Figure 4. Confusion Matrix
We falsely predicted 494 clients would not default and make their payment when in fact, they would not (false negative). These false predictions would be costly for the institution in terms of opportunity cost as they could be charging a higher interest rate on these clients.

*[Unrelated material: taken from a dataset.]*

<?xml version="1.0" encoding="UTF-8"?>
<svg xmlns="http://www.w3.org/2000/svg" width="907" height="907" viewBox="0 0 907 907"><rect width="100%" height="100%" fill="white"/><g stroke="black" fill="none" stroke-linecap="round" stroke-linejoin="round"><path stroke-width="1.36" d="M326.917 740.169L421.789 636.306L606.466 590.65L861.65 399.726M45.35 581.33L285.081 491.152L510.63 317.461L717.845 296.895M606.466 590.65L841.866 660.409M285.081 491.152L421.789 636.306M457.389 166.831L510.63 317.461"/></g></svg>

On the other hand, we made 1365 false predictions on clients and predicted they would default, when they will not (false positive). This is costly because a false labeling and a possible unjustified interest rate increase can lead to client dissatisfaction.
Our model did not perform as well as we hoped with an f1 test score of 0.47. The data contained a lot of noise, missing labels, and potentially non-linear relations that our model was not able to fit well. Further improvements are needed before this model can be put into production.
Several things could be done to further improve this model. First of all, further optimization through feature engineering and feature selection may be beneficial. We may be able to get rid of some features that are noisy and have low correlation to our target value. As well, as mentioned earlier, there were features that contained ambiguous categories and our model is not capturing the data that was sorted into “other” categories.
Proper data labelling needs to be done to account for this ambiguous data. If possible, we can consult the company that made the data collection for the missing labels. Lastly, more useful features would improve this model, such as income, size of the household, and amount of debt. With more relevant features for our model to fit to, the data and our prediction accuracy will improve.
This report was constructed using Rmarkdown (Allaire et al. 2021), ReadR(Wickham, Hester, and Bryan 2022), Knitr (Xie 2022), kableExtra (Zhu 2021), and tidyverse (Wickham et al. 2019) in R (R Core Team 2019) and the following python (Python 2021) packages: pandas(Snider and Swedo 2004), numpy(Bressert 2012), scikit-learn(Pedregosa et al. 2011), altair(VanderPlas et al. 2018), matplotlib (Bisong 2019), and uci_ml_data_set (n.d.).